(Extracted entries Opens)
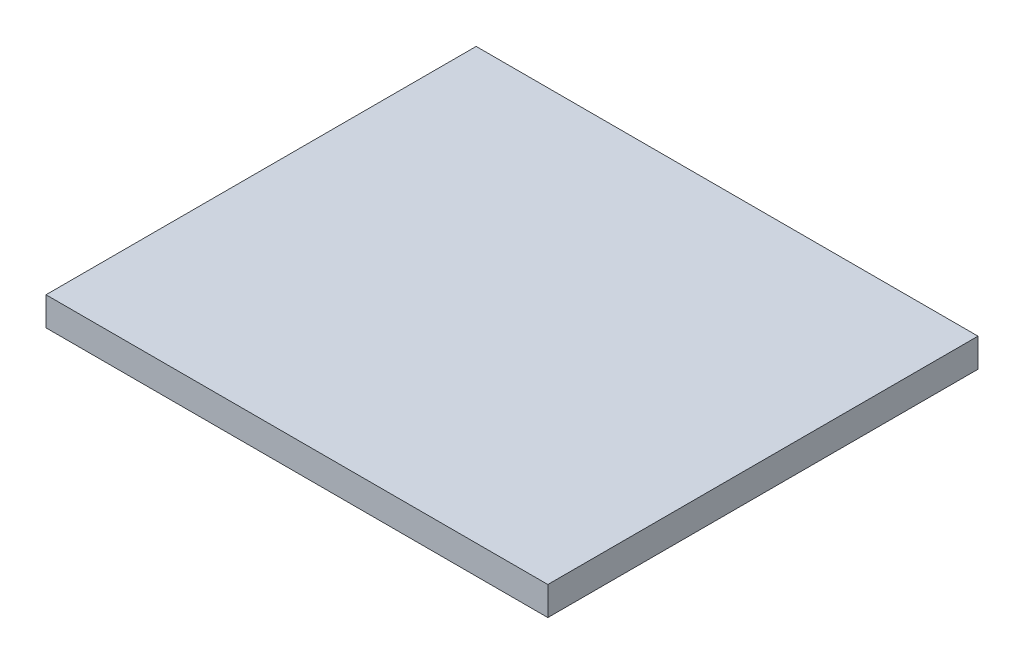
from build123d import *

# Parameters (mm, degrees)
SKETCH1_W           = 350
SKETCH1_H           = 300
BOSS_EXTRUDE1_DEPTH = 20


with BuildPart() as part:
    # Sketch1 → Boss-Extrude1 (new body)
    with BuildSketch(Plane(origin=(0, 0, 0), x_dir=(1, 0, 0), z_dir=(0, 1, 0))):
        with Locations((-175, 150)):
            Rectangle(SKETCH1_W, SKETCH1_H)
    extrude(amount=BOSS_EXTRUDE1_DEPTH)


solid = part.part
(Extracted entries Closes)
* [Requirement]: Where a line above includes "with", copy that line.

* [Answer for this exercise]:
with BuildPart() as part:
    with BuildSketch(Plane(origin=(0, 0, 0), x_dir=(1, 0, 0), z_dir=(0, 1, 0))):
        with Locations((-175, 150)):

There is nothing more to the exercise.